# Pavarotti Sings Tenor, Levine Plays the Piano but who turns the pages?



## american music (Mar 18, 2014)

In this video Pavarotti sings Cosi Fan Tutte, James Levine accompanies him on piano but who turns the music pages? We have software and apps for everything now. So where is the flat screen electronic music "scroller" that will replace the need for page turners?


----------



## PetrB (Feb 28, 2012)

This is just one of many, as they develop.
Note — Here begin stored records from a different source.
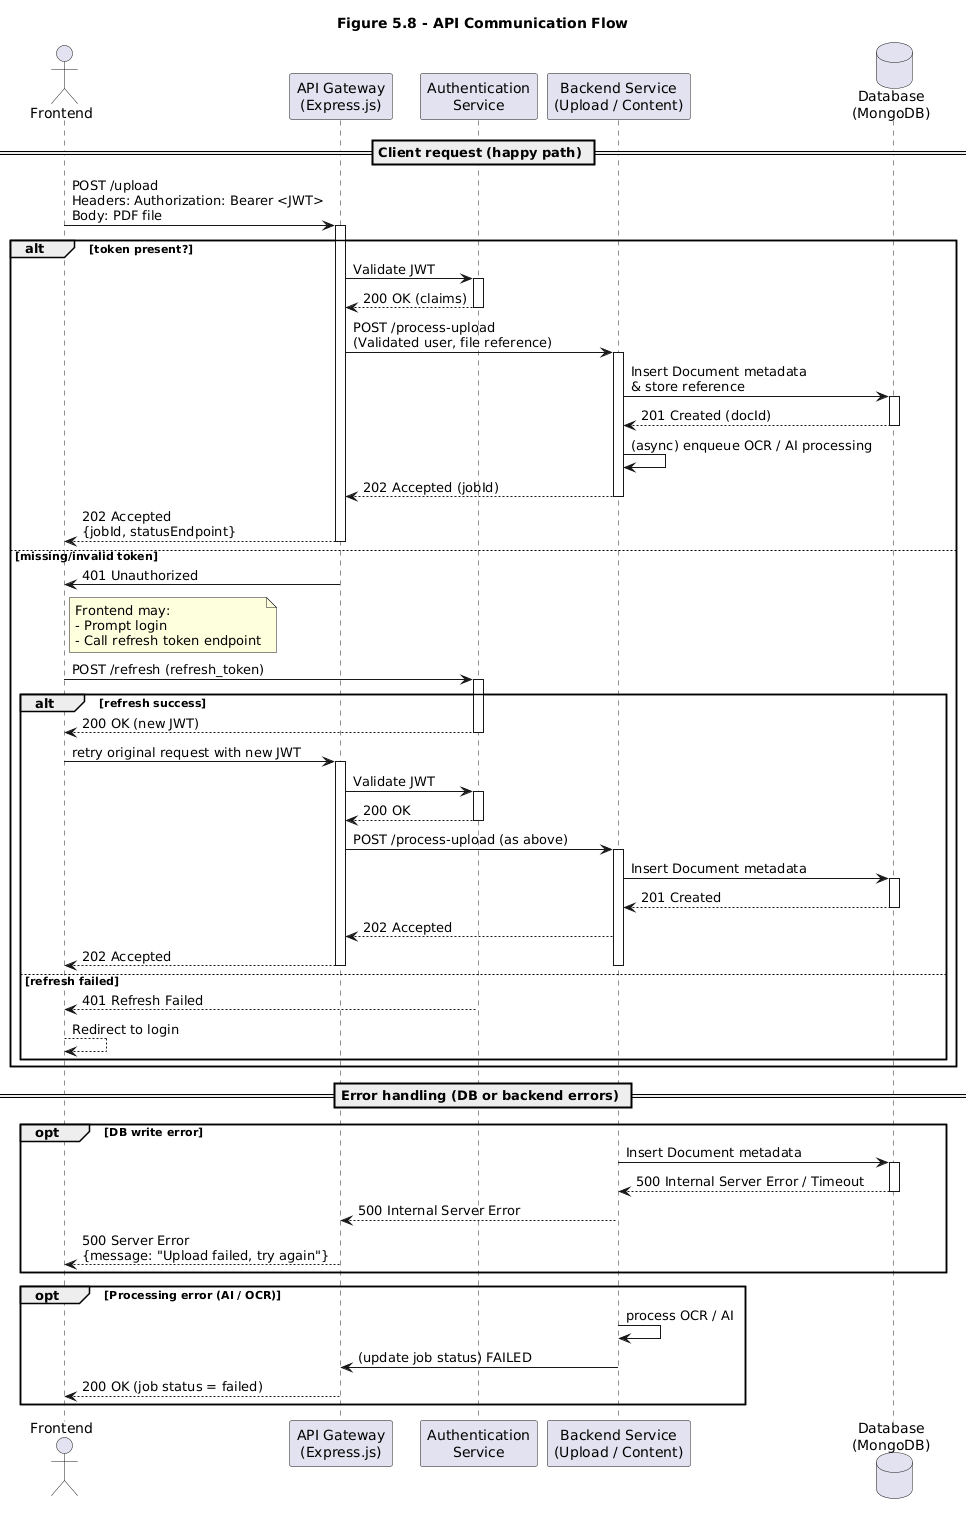

The diagram above was rendered by PlantUML. Its source (embedded in the PNG):
@startuml
title Figure 5.8 - API Communication Flow

actor Frontend
participant "API Gateway\n(Express.js)" as APIG
participant "Authentication\nService" as AUTH
participant "Backend Service\n(Upload / Content)" as BACK
database "Database\n(MongoDB)" as DB

== Client request (happy path) ==
Frontend -> APIG : POST /upload\nHeaders: Authorization: Bearer <JWT>\nBody: PDF file
activate APIG

alt token present?
  APIG -> AUTH : Validate JWT
  activate AUTH
  AUTH --> APIG : 200 OK (claims)
  deactivate AUTH

  APIG -> BACK : POST /process-upload\n(Validated user, file reference)
  activate BACK

  BACK -> DB : Insert Document metadata\n& store reference
  activate DB
  DB --> BACK : 201 Created (docId)
  deactivate DB

  BACK -> BACK : (async) enqueue OCR / AI processing
  BACK --> APIG : 202 Accepted (jobId)
  deactivate BACK

  APIG --> Frontend : 202 Accepted\n{jobId, statusEndpoint}
  deactivate APIG

else missing/invalid token
  APIG -> Frontend : 401 Unauthorized
  note right of Frontend
    Frontend may:
    - Prompt login
    - Call refresh token endpoint
  end note

  Frontend -> AUTH : POST /refresh (refresh_token)
  activate AUTH
  alt refresh success
    AUTH --> Frontend : 200 OK (new JWT)
    deactivate AUTH
    Frontend -> APIG : retry original request with new JWT
    activate APIG
    APIG -> AUTH : Validate JWT
    activate AUTH
    AUTH --> APIG : 200 OK
    deactivate AUTH
    APIG -> BACK : POST /process-upload (as above)
    activate BACK
    BACK -> DB : Insert Document metadata
    activate DB
    DB --> BACK : 201 Created
    deactivate DB
    BACK --> APIG : 202 Accepted
    APIG --> Frontend : 202 Accepted
    deactivate BACK
    deactivate APIG
  else refresh failed
    AUTH --> Frontend : 401 Refresh Failed
    deactivate AUTH
    Frontend --> Frontend : Redirect to login
  end
end

== Error handling (DB or backend errors) ==
opt DB write error
  BACK -> DB : Insert Document metadata
  activate DB
  DB --> BACK : 500 Internal Server Error / Timeout
  deactivate DB
  BACK --> APIG : 500 Internal Server Error
  APIG --> Frontend : 500 Server Error\n{message: "Upload failed, try again"}
end

opt Processing error (AI / OCR)
  BACK -> BACK : process OCR / AI
  BACK -> APIG : (update job status) FAILED
  APIG --> Frontend : 200 OK (job status = failed)
end
@enduml

Earlier types a few years ago were conductor's score or orchestral player's score size, with a foot pedal to 'flip' the page on the screen when ready.

So, there 'tis.

https://www.icareifyoulisten.com/2013/07/ipads-and-apps-make-page-turning-a-breeze-for-musicians-excerpt/

Levine has been known to have full-length orchestral scores in memory. A simple piano accompaniment is not any sort of stretch for him, and I'm sure he turns where convenient, whether that is several bars prior where the music is at the moment, or several bars after what is on the page has already passed. An everyday skill for many a high-end musician.


----------



## american music (Mar 18, 2014)

Well the Good Book states that there is nothing new under the sun. I thought that maybe I had an original idea. Thanks for enlightening me. 

A.M.


----------